─── SUPPLIED RECORDS ───

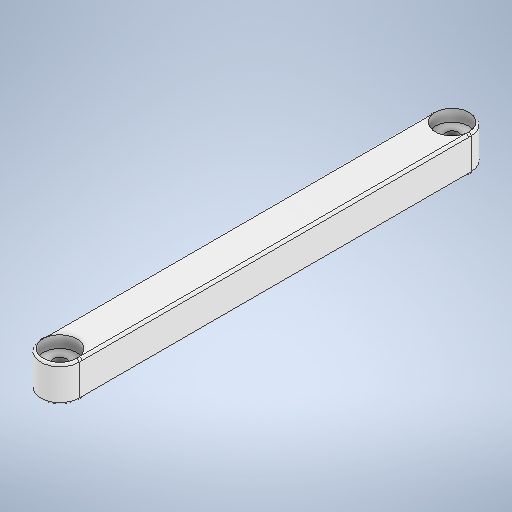
# Autodesk Inventor part: Плечо_переднее
Saved by Autodesk Inventor 2025.1 (Build 291241000, 241)
## iProperties
Created: 2026-10-14
Part Number: Плечо_переднее
Material: Пластик АБС
Document SubType Name: Modeling
Designer: Ваня
Density: 1.06 g/cm^3
Appearance: Гладкий — белый
Author: Ваня
Autodesk Inventor part; units mm, degrees
ref_plane "YZ Plane" through (0, 0, 0) normal (1, 0, 0) x (0, 1, 0)
ref_plane "XZ Plane" through (0, 0, 0) normal (0, 1, 0) x (-1, 0, 0)
sketch "Эскиз1" plane through (0, 0, 0) normal (0, 1, 0) x (-1, 0, 0)
  line L0 (0, 0) -> (16, 0)
  line L1 (16, 0) -> (16, -150)
  line L2 (16, -150) -> (0, -150)
  line L3 (0, -150) -> (0, 0)
  dimension "d0" = 16
  dimension "d1" = 150
  constraints: 8 end point, 2 parallel, 1 horizontal, 1 perpendicular
  measures "d0" distance of L1.end L2.end
  measures "d1" distance of L0.end L1.end
extrude "Выдавливание1" add sketch "Эскиз1" along normal blind 15
sketch "Эскиз2" plane through (0, 0, 0) normal (0, -1, 0) x (1, 0, 0)
  line L0 (-16, 0) -> (0, 0) projected
  line L1 (-8, 0) -> (-8, 7.1)
  circle A0 centre (-8, 7.1) radius 7.1
  circle A1 centre (-8, 7.1) radius 8
  line L2 (0, 7.1) -> (0, 0)
  line L3 (-16, 7.1) -> (-16, 0)
  line L4 (-16, -150) -> (-16, 0) projected
  line L5 (-16, 0) -> (-16, -75)
  line L6 (-16, -75) -> (-21, -75)
  line L7 (-16, -150) -> (0, -150)
  circle A2 centre (-8, -157.1) radius 7.1
  circle A3 centre (-8, -157.1) radius 8
  line L8 (0, -157.1) -> (0, -150)
  line L9 (-16, -157.1) -> (-16, -150)
  point P0 (-8, -150)
  dimension "d4" = 7.1
  dimension "d5" = 75
  dimension "d6" = 5
  constraints: 16 end point, 5 symmetric about line, 4 point on circle, 3 centre point, 3 coincident, 2 midpoint, 2 vertical, 1 parallel, 1 perpendicular, 1 tangent, 1 vertical alignment, 4 other
  measures "d4" distance of L1.start L1.end
  measures "d5" distance of L0.start L5.end
  measures "d6" distance of L5.end L6.end
extrude "Выдавливание2" add sketch "Эскиз2" against normal blind 15 contours L3 A1 L0 | A1 L0 | A1 L2 L0 | L7 A3 L9 | L7 A3 | L7 L8 A3 picked at (-0.3775, 7.7382) picked at (-0.3775, -157.7382)
ref_plane "РабПлоскость1" through (0, 7.5, 0) normal (0, 1, 0) x (1, 0, 0)
sketch "Эскиз3" plane through (0, 7.5, 0) normal (0, 1, 0) x (1, 0, 0)
  circle A0 centre (-8, -7.1) radius 7.1 projected
  circle A1 centre (-8, -7.1) radius 7.1
  circle A2 centre (-8, -7.1) radius 2.65
  line L0 (0, 157.1) -> (0, -7.1) projected
  line L1 (0, 75) -> (5, 75)
  circle A3 centre (-8, 157.1) radius 7.1
  circle A4 centre (-8, 157.1) radius 2.65
  point P0 (0, 0)
  dimension "d10" = 5.3
  dimension "d11" = 5
  constraints: 4 centre point, 2 coincident, 2 end point, 2 symmetric about line, 1 horizontal, 1 midpoint, 2 other
  measures "d10" diameter of A2
  measures "d11" distance of L1.start L1.end
extrude "Выдавливание3" add sketch "Эскиз3" along normal mid plane 2
fillet "Сопряжение1" radius 1 8 edges at (-8, 15, -165.1) (-16, 15, -75) (-8, 15, 15.1) (0, 15, -75) (-8, 0, 15.1) (-16, 0, -75) (-8, 0, -165.1) (0, 0, -75)
move faces "Перенос1" translate (0, 1.5, 0) faces at (-2.4778, 8.5, 7.8778) (-2.4778, 8.5, -156.3222)

───

EXERCISE AIM: Repeat each line above exactly. The pictures stay out.

ANSWER BOX:
# Autodesk Inventor part: Плечо_переднее
Saved by Autodesk Inventor 2025.1 (Build 291241000, 241)
## iProperties
Created: 2026-10-14
Part Number: Плечо_переднее
Material: Пластик АБС
Document SubType Name: Modeling
Designer: Ваня
Density: 1.06 g/cm^3
Appearance: Гладкий — белый
Author: Ваня
Autodesk Inventor part; units mm, degrees
ref_plane "YZ Plane" through (0, 0, 0) normal (1, 0, 0) x (0, 1, 0)
ref_plane "XZ Plane" through (0, 0, 0) normal (0, 1, 0) x (-1, 0, 0)
sketch "Эскиз1" plane through (0, 0, 0) normal (0, 1, 0) x (-1, 0, 0)
  line L0 (0, 0) -> (16, 0)
  line L1 (16, 0) -> (16, -150)
  line L2 (16, -150) -> (0, -150)
  line L3 (0, -150) -> (0, 0)
  dimension "d0" = 16
  dimension "d1" = 150
  constraints: 8 end point, 2 parallel, 1 horizontal, 1 perpendicular
  measures "d0" distance of L1.end L2.end
  measures "d1" distance of L0.end L1.end
extrude "Выдавливание1" add sketch "Эскиз1" along normal blind 15
sketch "Эскиз2" plane through (0, 0, 0) normal (0, -1, 0) x (1, 0, 0)
  line L0 (-16, 0) -> (0, 0) projected
  line L1 (-8, 0) -> (-8, 7.1)
  circle A0 centre (-8, 7.1) radius 7.1
  circle A1 centre (-8, 7.1) radius 8
  line L2 (0, 7.1) -> (0, 0)
  line L3 (-16, 7.1) -> (-16, 0)
  line L4 (-16, -150) -> (-16, 0) projected
  line L5 (-16, 0) -> (-16, -75)
  line L6 (-16, -75) -> (-21, -75)
  line L7 (-16, -150) -> (0, -150)
  circle A2 centre (-8, -157.1) radius 7.1
  circle A3 centre (-8, -157.1) radius 8
  line L8 (0, -157.1) -> (0, -150)
  line L9 (-16, -157.1) -> (-16, -150)
  point P0 (-8, -150)
  dimension "d4" = 7.1
  dimension "d5" = 75
  dimension "d6" = 5
  constraints: 16 end point, 5 symmetric about line, 4 point on circle, 3 centre point, 3 coincident, 2 midpoint, 2 vertical, 1 parallel, 1 perpendicular, 1 tangent, 1 vertical alignment, 4 other
  measures "d4" distance of L1.start L1.end
  measures "d5" distance of L0.start L5.end
  measures "d6" distance of L5.end L6.end
extrude "Выдавливание2" add sketch "Эскиз2" against normal blind 15 contours L3 A1 L0 | A1 L0 | A1 L2 L0 | L7 A3 L9 | L7 A3 | L7 L8 A3 picked at (-0.3775, 7.7382) picked at (-0.3775, -157.7382)
ref_plane "РабПлоскость1" through (0, 7.5, 0) normal (0, 1, 0) x (1, 0, 0)
sketch "Эскиз3" plane through (0, 7.5, 0) normal (0, 1, 0) x (1, 0, 0)
  circle A0 centre (-8, -7.1) radius 7.1 projected
  circle A1 centre (-8, -7.1) radius 7.1
  circle A2 centre (-8, -7.1) radius 2.65
  line L0 (0, 157.1) -> (0, -7.1) projected
  line L1 (0, 75) -> (5, 75)
  circle A3 centre (-8, 157.1) radius 7.1
  circle A4 centre (-8, 157.1) radius 2.65
  point P0 (0, 0)
  dimension "d10" = 5.3
  dimension "d11" = 5
  constraints: 4 centre point, 2 coincident, 2 end point, 2 symmetric about line, 1 horizontal, 1 midpoint, 2 other
  measures "d10" diameter of A2
  measures "d11" distance of L1.start L1.end
extrude "Выдавливание3" add sketch "Эскиз3" along normal mid plane 2
fillet "Сопряжение1" radius 1 8 edges at (-8, 15, -165.1) (-16, 15, -75) (-8, 15, 15.1) (0, 15, -75) (-8, 0, 15.1) (-16, 0, -75) (-8, 0, -165.1) (0, 0, -75)
move faces "Перенос1" translate (0, 1.5, 0) faces at (-2.4778, 8.5, 7.8778) (-2.4778, 8.5, -156.3222)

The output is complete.